Protective effect of Syzygium cumini against pesticide-induced cardiotoxicity.

Pesticide-induced toxicity is a serious issue which has resulted in plethora of diseases all over the world. The organophosphate pesticide malathion has caused many incidents of poisoning such as cardiac manifestations. The present study was designed to evaluate the effect of Syzygium cumini on malathion-induced cardiotoxicity. Dose optimization of malathion and polyphenols such as curcumin, (−)-epicatechin, gallic acid, butylated hydroxyl toluene, etc. was done by MTT cell proliferation assay. Nuclear deformities, ROS production, and integrity of extra cellular matrix components were analyzed by different techniques. S. cumini methanolic pulp extract (MPE), a naturally derived gallic acid-enriched antioxidant was taken to study its effect on malathion-induced toxicity. Nuclear deformities, ROS production, and integrity of extra cellular matrix components were also analyzed. Twenty micrograms per milliliter LD50 dose of malathion was found to cause stress-mediated responses in H9C2 cell line. Among all the polyphenols, gallic acid showed the most significant protection against stress. Gallic acid-enriched methanolic S. cumini pulp extract (MPE) showed 59.76 % ± 0.05, 81.61 % ± 1.37, 73.33 % ± 1.33, 77.19 % ± 2.38 and 64.19 % ± 1.43 maximum inhibition for DPPH, ABTS, NO, H2O2 and superoxide ion, respectively, as compared to ethanolic pulp extract and aqueous pulp extract. Our study suggests that S. cumini MPE has the ability to protect against the malathion-mediated oxidative stress in cardiac myocytes.

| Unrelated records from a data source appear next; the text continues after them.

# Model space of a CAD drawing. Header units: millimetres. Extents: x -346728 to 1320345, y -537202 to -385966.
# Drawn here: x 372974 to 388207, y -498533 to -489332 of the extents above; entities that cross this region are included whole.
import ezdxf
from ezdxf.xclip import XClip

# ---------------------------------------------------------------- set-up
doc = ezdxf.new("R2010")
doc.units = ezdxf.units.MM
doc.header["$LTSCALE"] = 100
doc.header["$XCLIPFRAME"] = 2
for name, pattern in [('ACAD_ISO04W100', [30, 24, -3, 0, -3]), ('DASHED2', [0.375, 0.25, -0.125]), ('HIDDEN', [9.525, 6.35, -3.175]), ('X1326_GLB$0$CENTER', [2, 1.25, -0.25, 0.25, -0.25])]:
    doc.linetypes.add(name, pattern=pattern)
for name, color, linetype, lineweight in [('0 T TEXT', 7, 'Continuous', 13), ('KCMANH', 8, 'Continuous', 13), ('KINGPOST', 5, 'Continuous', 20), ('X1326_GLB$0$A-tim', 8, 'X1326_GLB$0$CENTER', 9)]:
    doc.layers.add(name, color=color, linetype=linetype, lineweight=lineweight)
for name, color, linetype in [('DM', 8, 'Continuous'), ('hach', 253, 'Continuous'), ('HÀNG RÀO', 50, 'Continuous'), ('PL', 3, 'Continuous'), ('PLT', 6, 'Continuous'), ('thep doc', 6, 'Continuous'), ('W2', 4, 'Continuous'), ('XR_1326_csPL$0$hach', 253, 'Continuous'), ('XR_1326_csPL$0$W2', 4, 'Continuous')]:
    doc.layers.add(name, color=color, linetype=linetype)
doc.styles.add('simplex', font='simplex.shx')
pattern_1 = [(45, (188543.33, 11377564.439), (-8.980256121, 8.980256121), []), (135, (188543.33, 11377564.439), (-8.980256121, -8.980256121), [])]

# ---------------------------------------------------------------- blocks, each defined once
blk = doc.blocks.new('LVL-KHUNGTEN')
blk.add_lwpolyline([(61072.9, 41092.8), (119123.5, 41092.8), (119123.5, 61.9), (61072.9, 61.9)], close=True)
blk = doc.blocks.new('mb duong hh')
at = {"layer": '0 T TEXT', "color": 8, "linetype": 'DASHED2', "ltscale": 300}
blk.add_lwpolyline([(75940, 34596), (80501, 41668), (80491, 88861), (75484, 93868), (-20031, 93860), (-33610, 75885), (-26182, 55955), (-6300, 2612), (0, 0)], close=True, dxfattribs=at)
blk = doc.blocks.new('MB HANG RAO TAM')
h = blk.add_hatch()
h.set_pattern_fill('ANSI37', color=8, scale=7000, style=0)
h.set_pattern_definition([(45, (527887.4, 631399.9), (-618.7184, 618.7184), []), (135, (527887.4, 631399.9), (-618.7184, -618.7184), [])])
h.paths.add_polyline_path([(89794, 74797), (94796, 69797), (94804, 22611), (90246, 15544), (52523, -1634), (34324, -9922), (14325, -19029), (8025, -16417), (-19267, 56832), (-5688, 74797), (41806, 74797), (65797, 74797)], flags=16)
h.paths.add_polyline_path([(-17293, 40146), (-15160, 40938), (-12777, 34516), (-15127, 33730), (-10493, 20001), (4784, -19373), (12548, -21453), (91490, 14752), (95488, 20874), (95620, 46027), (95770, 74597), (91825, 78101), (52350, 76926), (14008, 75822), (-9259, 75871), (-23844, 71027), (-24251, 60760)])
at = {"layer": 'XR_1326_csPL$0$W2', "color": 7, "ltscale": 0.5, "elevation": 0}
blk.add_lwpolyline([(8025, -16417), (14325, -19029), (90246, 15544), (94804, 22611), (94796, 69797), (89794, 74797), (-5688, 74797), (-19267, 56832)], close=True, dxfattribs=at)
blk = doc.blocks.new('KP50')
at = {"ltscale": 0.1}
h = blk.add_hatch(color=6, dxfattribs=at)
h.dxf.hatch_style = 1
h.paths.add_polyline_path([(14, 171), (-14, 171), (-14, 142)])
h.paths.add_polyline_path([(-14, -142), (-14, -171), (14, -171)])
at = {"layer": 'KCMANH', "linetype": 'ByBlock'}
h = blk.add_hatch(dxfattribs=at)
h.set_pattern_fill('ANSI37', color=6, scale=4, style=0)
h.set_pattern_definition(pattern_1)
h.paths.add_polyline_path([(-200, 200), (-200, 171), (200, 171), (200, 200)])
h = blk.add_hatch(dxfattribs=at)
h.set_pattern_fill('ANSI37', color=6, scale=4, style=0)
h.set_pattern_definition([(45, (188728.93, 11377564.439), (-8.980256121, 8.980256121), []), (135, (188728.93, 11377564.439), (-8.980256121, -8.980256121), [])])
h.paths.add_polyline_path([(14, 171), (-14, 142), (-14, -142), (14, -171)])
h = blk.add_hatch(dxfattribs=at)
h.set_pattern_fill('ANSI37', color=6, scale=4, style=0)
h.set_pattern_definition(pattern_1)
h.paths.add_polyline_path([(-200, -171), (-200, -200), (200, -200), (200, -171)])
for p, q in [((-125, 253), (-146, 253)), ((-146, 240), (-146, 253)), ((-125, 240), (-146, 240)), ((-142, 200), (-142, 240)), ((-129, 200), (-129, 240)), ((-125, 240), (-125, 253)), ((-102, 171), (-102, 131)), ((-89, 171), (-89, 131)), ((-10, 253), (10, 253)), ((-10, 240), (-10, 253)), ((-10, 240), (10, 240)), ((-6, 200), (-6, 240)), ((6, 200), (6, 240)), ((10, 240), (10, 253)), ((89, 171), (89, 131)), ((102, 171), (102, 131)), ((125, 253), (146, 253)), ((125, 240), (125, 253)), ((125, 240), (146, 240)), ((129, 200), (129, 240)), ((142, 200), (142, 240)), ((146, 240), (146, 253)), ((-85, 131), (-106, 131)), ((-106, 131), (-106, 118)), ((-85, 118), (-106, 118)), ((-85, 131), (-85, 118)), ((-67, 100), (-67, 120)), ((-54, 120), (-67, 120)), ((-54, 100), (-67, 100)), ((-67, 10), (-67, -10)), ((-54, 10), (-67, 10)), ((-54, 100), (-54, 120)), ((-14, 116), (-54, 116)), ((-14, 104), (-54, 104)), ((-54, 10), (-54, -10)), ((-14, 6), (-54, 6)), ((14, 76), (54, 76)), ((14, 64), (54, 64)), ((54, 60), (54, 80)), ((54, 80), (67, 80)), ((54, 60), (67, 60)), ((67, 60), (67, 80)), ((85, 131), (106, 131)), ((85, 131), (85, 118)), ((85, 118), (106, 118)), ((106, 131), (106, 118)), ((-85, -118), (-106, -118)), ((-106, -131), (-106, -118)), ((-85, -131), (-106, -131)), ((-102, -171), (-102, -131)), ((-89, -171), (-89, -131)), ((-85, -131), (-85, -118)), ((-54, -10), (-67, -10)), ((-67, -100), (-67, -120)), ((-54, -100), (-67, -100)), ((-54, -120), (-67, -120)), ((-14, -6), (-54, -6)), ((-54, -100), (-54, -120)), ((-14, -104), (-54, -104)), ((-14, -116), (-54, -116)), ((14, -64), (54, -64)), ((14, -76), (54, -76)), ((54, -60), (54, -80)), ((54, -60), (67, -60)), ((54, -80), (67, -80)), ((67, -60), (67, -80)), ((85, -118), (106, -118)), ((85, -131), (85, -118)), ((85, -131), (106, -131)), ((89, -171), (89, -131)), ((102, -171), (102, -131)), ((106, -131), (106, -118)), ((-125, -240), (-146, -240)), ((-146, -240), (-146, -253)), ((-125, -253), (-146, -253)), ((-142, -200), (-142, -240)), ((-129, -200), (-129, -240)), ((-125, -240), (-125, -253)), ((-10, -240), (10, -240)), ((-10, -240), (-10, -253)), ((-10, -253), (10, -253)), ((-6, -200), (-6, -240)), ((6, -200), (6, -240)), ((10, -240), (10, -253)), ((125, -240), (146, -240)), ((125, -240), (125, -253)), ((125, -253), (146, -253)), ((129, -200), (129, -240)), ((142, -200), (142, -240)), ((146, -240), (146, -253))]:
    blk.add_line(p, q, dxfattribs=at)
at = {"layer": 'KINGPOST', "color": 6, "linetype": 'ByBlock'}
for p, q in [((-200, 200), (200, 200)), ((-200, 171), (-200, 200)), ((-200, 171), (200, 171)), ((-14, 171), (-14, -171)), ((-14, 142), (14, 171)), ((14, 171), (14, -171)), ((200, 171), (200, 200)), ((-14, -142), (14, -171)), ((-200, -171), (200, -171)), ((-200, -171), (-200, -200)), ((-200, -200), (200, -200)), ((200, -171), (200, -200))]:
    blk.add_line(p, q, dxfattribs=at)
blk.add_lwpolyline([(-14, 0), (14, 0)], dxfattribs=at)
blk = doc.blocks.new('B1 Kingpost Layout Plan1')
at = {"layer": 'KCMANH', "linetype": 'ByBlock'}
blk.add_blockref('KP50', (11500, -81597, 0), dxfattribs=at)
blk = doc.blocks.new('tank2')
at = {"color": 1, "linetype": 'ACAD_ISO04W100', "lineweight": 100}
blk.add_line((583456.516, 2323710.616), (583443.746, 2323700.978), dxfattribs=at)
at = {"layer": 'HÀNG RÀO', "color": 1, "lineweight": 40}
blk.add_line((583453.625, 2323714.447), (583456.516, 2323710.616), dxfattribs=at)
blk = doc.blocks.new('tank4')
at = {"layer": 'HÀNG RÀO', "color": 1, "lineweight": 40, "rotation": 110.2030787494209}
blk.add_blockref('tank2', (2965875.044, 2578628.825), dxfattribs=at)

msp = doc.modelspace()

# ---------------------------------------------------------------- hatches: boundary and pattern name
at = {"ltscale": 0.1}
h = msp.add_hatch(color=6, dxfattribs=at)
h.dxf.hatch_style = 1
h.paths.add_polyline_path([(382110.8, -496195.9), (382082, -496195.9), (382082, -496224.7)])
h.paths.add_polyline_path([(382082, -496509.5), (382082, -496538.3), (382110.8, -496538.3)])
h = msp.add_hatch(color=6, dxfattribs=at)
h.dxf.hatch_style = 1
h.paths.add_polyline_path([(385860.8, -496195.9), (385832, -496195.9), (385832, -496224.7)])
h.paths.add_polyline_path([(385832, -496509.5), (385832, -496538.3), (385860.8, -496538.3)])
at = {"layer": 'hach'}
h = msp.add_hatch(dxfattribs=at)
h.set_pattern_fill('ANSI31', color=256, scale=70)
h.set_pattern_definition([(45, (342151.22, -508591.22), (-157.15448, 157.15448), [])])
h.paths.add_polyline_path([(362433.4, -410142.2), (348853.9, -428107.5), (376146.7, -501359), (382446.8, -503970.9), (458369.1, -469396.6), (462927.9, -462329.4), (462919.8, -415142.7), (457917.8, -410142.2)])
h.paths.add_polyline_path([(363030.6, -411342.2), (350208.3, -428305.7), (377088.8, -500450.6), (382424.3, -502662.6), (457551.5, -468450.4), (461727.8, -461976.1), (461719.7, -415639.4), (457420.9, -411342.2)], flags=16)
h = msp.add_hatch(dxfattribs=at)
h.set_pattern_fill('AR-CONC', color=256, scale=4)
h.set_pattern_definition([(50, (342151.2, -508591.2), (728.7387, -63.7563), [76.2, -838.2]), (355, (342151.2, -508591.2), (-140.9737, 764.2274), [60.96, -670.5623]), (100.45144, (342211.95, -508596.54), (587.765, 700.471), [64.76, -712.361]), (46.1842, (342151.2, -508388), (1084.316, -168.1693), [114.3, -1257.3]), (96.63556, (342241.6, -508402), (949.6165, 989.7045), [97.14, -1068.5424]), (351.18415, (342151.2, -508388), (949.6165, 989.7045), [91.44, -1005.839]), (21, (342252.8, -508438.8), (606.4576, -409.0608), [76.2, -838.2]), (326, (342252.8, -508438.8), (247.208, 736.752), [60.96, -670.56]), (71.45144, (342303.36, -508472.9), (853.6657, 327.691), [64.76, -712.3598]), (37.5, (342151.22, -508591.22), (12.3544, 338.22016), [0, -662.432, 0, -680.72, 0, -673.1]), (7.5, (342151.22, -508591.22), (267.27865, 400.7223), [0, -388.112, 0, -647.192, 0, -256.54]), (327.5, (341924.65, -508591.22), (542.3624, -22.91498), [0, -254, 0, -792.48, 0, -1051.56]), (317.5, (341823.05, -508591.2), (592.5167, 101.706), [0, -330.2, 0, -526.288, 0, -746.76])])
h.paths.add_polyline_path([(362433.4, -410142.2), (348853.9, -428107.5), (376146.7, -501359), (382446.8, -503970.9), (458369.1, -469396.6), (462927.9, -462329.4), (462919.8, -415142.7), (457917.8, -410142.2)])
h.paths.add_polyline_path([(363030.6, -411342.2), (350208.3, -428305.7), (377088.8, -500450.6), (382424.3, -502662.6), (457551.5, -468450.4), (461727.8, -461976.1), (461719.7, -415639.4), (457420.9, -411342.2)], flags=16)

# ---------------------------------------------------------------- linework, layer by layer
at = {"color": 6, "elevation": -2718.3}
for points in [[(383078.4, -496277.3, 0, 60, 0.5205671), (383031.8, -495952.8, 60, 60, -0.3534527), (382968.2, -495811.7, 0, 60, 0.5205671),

Cardioprotective role of Syzygium cumini against glucose-induced oxidative stress in H9C2 cardiac myocytes.

Diabetic patients are known to have an independent risk of cardiomyopathy. Hyperglycemia leads to upregulation of reactive oxygen species (ROS) that may contribute to diabetic cardiomyopathy. Thus, agents that suppress glucose-induced intracellular ROS levels can have therapeutic potential against diabetic cardiomyopathy. Syzygium cumini is well known for its anti-diabetic potential, but its cardioprotective properties have not been evaluated yet. The aim of the present study is to analyze cardioprotective properties of methanolic seed extract (MSE) of S. cumini in diabetic in vitro conditions. ROS scavenging activity of MSE was studied in glucose-stressed H9C2 cardiac myoblasts after optimizing the safe dose of glucose and MSE by 3-(4,5-dimethyl-thiazol-2-yl)-2,5-diphenyl tetrazolium bromide. 2',7'-dichlorfluorescein diacetate staining and Fluorescence-activated cell sorting analysis confirmed the suppression of ROS production by MSE in glucose-induced cells. The intracellular NO and H2O2 radical-scavenging activity of MSE was found to be significantly high in glucose-induced cells. Exposure of glucose-stressed H9C2 cells to MSE showed decline in the activity of catalase and superoxide dismutase enzymes and collagen content. 4',6-diamidino-2-phenylindole, propidium iodide and 10-N-nonyl-3,6-bis (dimethylamino) acridine staining revealed that MSE protects myocardial cells from glucose-induced stress. Taken together, our findings revealed that the well-known anti-diabetic S. cumini can also protect the cardiac cells from glucose-induced stress.